From the moment the egg hatched, we could tell this was something different. It looked like almost everything we had hoped for. Scales, fangs, claws . . . and preliminary x-rays showed a complex digestive system that as far as we could tell would eventually allow the creature to breathe fire, distilling food and minerals into a flaming liquid/gas mixture. The wings were new . . . but hey, extra mobility. The biggest problem was the size, we were looking at something quite a bit smaller than target. Still, it was progress to report.
Six days later, the dragon spoke to us. And not in baby-talk. He had assimilated a full fluency in English from listening to the scientists around him for six days. That was when we really began to understand we had something different on our hands. We attempted to keep him isolated at first, but he was possessed of a voracious curiosity, and few of us could resist him as he wheedled his way into the world of the laboratory. Within two weeks he had chosen a name for himself, Jonathan. Within a month he had read every document in the building, from scientific journals to the trashy romance novels the secretary kept in her desk.
The client was coming to review our progress soon, and we weren't quite sure what to do, but we were never given a date, and eventually rumors began to circulate . . . something had gone wrong. We don't know exactly why, but the project died then, not with a bang, but with a whimper. A war ended, or a government fell . . . or perhaps they just needed the funding elsewhere. Things were quietly wrapped up, assets auctioned, utilities turned off for non-payment. Most of our failed experiments had been terminated by then, but nobody could bring themselves to treat Jonathan like another test subject. I took him home with me one night, and never returned. Nobody stopped me on the way out, and nobody ever came looking for us. The world was already a much different place than it had been a decade ago when we began the project, and it would only change more in my lifetime.
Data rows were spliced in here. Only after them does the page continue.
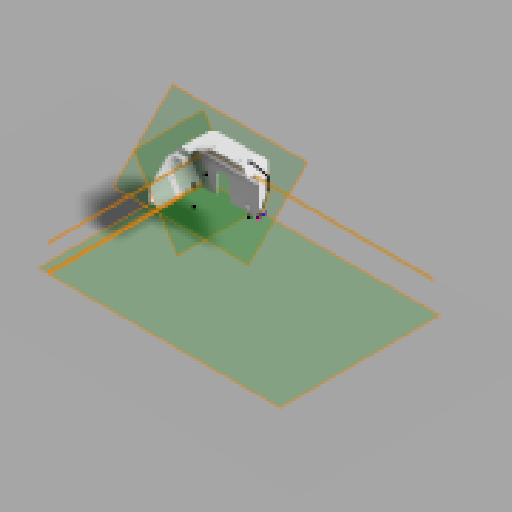
# Autodesk Inventor part: Крыло_универсальное
Saved by Autodesk Inventor 2025 (Build 290162000, 162)
## iProperties
Created: 2025-04-23
Part Number: Крыло_универсальное
Material: Типовые
Document SubType Name: Modeling
Designer: Artem Sannikov
Density: 1 g/cm^3
Appearance: По умолчанию
Author: Artem Sannikov
Autodesk Inventor part; units mm, degrees
ref_plane "YZ Plane" through (0, 0, 0) normal (1, 0, 0) x (0, 1, 0)
ref_plane "XZ Plane" through (0, 0, 0) normal (0, 1, 0) x (-1, 0, 0)
ref_plane "XY Plane" through (0, 0, 0) normal (0, 0, 1) x (1, 0, 0)
sketch "Эскиз1" plane through (0, 0, 0) normal (0, 0, 1) x (1, 0, 0)
  line L0 (-1.5, 74) -> (-1.5, 31) construction
  line L1 (-1.5, 74) -> (-1.5, 94) construction
  line L2 (-1.5, 94) -> (-4.5, 94)
  line L3 (-1.5, 31) -> (-31.5, 31) construction
  line L4 (-1.5, 94) -> (-1.5, 64) construction
  line L5 (-1.5, 64) -> (-31.5, 64) construction
  line L6 (-31.5, 31) -> (-31.5, 64) construction
  line L7 (-31.5, 64) -> (-1.5, 94)
  line L8 (-1.5, 94) -> (1.5, 94)
  line L9 (-28.5, 62.7574) -> (-28.5, 34)
  line L10 (-28.5, 34) -> (-4.5, 34) construction
  line L11 (-4.5, 34) -> (-4.5, 74) construction
  line L12 (-4.5, 74) -> (-4.5, 86.7574) construction
  line L13 (-4.5, 86.7574) -> (-28.5, 62.7574)
  line L14 (-4.5, 34) -> (-1.5, 34) construction
  line L15 (-28.5, 34) -> (-31.5, 34)
  line L16 (-31.5, 34) -> (-31.5, 64)
  line L17 (-1.5, 64) -> (-1.5, 34) construction
  line L18 (-4.5, 86.7574) -> (-1.5, 89.7574)
  line L19 (-1.5, 89.7574) -> (1.5, 89.7574)
  line L20 (1.5, 89.7574) -> (1.5, 94)
  point P0 (0, 0)
  dimension "d0" = 43
  dimension "d1" = 20
  dimension "d2" = 3
  dimension "d3" = 30
  dimension "d4" = 30
  dimension "d5" = 30
  dimension "d6" = 3
  dimension "d7" = 3
  dimension "d8" = 3
  constraints: 42 end point, 6 perpendicular, 4 point on line, 2 horizontal, 2 vertical, 1 collinear, 5 other
  measures "d0" distance of L0.start L0.end
  measures "d1" distance of L0.start L1.end
  measures "d2" distance of L1.end L2.end
  measures "d3" distance of L0.end L3.end
  measures "d4" distance of L1.end L4.end
  measures "d5" distance of L4.end L5.end
  measures "d6" distance of L1.end L8.end
  measures "d7" distance between parallel lines of L6 L9
  measures "d8" distance of L18.end L19.end
sketch "Эскиз2" plane through (0, 0, 0) normal (0, 1, 0) x (-1, 0, 0)
  line L0 (1.5, -20) -> (1.5, 0)
  line L1 (1.5, 0) -> (1.5, 30)
  line L2 (1.5, -20) -> (1.5, -36)
  line L3 (1.5, -36) -> (-9.8137, -47.3137)
  line L4 (-9.8137, -47.3137) -> (-89.8137, -47.3137)
  line L5 (-89.8137, -47.3137) -> (-114.1274, -23)
  line L6 (1.5, -20) -> (-200.5251, -20) construction
  point P0 (0, 0)
  dimension "d9" = 30
  dimension "d10" = 16
  dimension "d11" = 16
  dimension "d12" = 45
  dimension "d13" = 80
  dimension "d14" = 135
  dimension "d18" = 3
  constraints: 14 end point, 2 horizontal, 2 vertical, 1 point on line, 1 other
  measures "d9" distance of L0.end L1.end
  measures "d10" distance of L0.start L2.end
  measures "d11" distance of L2.end L3.end
  measures "d12" angle of L2 L3
  measures "d13" distance of L3.end L4.end
  measures "d14" angle of L5 L4
  measures "d18" distance from line of L6 L5.end
sweep "Сдвиг1" add profiles "Эскиз1" path "Эскиз2" path curves L5 L4 L3 L2 L0 L1
sketch "Эскиз4" plane through (135.3406, 34, -44.2132) normal (0.7071068, 0, 0.7071068) x (0.7071068, 0, -0.7071068)
  line L0 (-30, 55.7574) -> (-33, 55.7574) projected
  line L1 (-3, 28.7574) -> (-30, 55.7574) projected
  line L2 (-3, 0) -> (-3, 28.7574) projected
  line L3 (0, 0) -> (-3, 0) projected
  line L4 (0, 30) -> (0, 0) projected
  line L5 (-30, 60) -> (0, 30) projected
  line L6 (-33, 60) -> (-30, 60) projected
  line L7 (-33, 55.7574) -> (-33, 60) projected
  point P0 (-126.9637, -34)
ref_plane "РабПлоскость1" through (528.5, 69, -20) normal (0, 0, -1) x (-1, 0, 0)
sketch "Эскиз5" plane through (528.5, 69, -20) normal (0, 0, -1) x (-1, 0, 0)
  line L0 (414.3726, 20.7574) -> (416.4939, 20.7574) projected
  line L1 (395.2807, -6.2426) -> (414.3726, 20.7574) projected
  line L2 (395.2807, -35) -> (395.2807, -6.2426) projected
  line L3 (393.1594, -35) -> (395.2807, -35) projected
  line L4 (393.1594, -5) -> (393.1594, -35) projected
  line L5 (414.3726, 25) -> (393.1594, -5) projected
  line L6 (416.4939, 25) -> (414.3726, 25) projected
  line L7 (416.4939, 20.7574) -> (416.4939, 25) projected
  point P0 (528.5, -69)
extrude "Выдавливание1" add sketch "Эскиз5" along normal up to surface surface through (123.6734, 64, -32.5459) normal (-0.7071068, 0, -0.7071068)
sketch "Эскиз6" plane through (-31.5, 34, -48.4264) normal (-1, 0, 0) x (0, 0, 1)
  point P0 (48.4264, -34)
sketch "Эскиз7" plane through (-31.5, 34, -48.4264) normal (-1, 0, 0) x (0, 0, 1)
  line L0 (6.4264, -5.2) -> (6.4264, -12.2) projected
  line L1 (6.4264, -8.7) -> (-23.8236, -8.7) construction
  line L2 (-23.8236, -6.6105) -> (-23.8236, -12.3748) construction
  line L3 (-23.8236, -8.7) -> (-0.8236, -8.7) construction
  line L4 (28.4264, 30) -> (28.4264, 0) projected
  line L5 (-30.0736, -38.2287) -> (28.4264, -38.2287)
  line L6 (28.4264, -38.2287) -> (28.4264, 20.8287)
  line L7 (28.4264, 20.8287) -> (-30.0736, 20.8287)
  line L8 (-30.0736, 20.8287) -> (-30.0736, -38.2287)
  line L9 (-30.0736, -38.2287) -> (28.4264, 20.8287) construction
  line L10 (28.4264, -38.2287) -> (-30.0736, 20.8287) construction
  point P0 (48.4264, -34)
  point P1 (28.4264, 0)
  dimension "d21" = 23
  constraints: 16 end point, 3 midpoint, 3 point on line, 2 horizontal, 2 parallel, 1 perpendicular
  measures "d21" distance of L1.end L3.end
extrude "Выдавливание2" cut sketch "Эскиз7" against normal blind 131.75
sketch "Эскиз8" plane through (-31.5, 34, 30) normal (-1, 0, 0) x (0, 0, 1)
  line L0 (-50, 20.8287) -> (-77.1838, 20.8287) projected
  line L1 (-55.3159, 20.8287) -> (-34.4872, 0)
  line L2 (-50, 0) -> (0, 0) projected
  line L3 (-55.3159, 20.8287) -> (-55.3159, 0)
  line L4 (-50, 0) -> (-72.0919, 0) projected
  line L5 (-55.3159, 0) -> (-34.4872, 0)
  point P0 (-30, -34)
  dimension "d24" = 45
  constraints: 6 end point, 3 point on line, 1 collinear, 1 vertical
  measures "d24" angle of L2 L1
extrude "Выдавливание3" cut sketch "Эскиз8" against normal blind 131.75
sketch "Эскиз9" plane through (-31.5, 34, 30) normal (-1, 0, 0) x (0, 0, 1)
  line L0 (-50, 15.5128) -> (-50, 20.8287) projected
  line L1 (-50, 15.5128) -> (-55.3159, 20.8287)
  line L2 (-50, 20.8287) -> (-77.1838, 20.8287) projected
  line L3 (-50, 20.8287) -> (-50, 15.5128)
  point P0 (-30, -34)
  dimension "d27" = 45
  constraints: 4 end point, 1 perpendicular, 1 point on line
  measures "d27" angle of L1 L0
extrude "Выдавливание4" add sketch "Эскиз9" against normal up to surface (3 mm away)
sketch "Эскиз10" plane through (102.2401, 64, -77.3137) normal (0, 0, -1) x (-1, 0, 0)
  line L0 (0, -30) -> (1.9901, -30) projected
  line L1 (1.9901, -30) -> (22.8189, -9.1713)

Throughout the chaos and upheaval of the remainder of the 21st century, I watched over Jonathan. It eventually became apparent to me that he wasn't small . . . just young, very young. I have watched him grow slowly, even as I have aged into obsolescence. He has never lost his hunger for knowledge, consuming everything he comes across, learning at a prodigious rate. The world is a hectic place, and I have done my best to shelter him from it, but I fear now that I have done him no favors. He will have to cope for himself soon. The doctors say that there is nothing left to be done for me. I have never told Jonathan the truth of his origins . . . but I record these words here in case . . . just in case."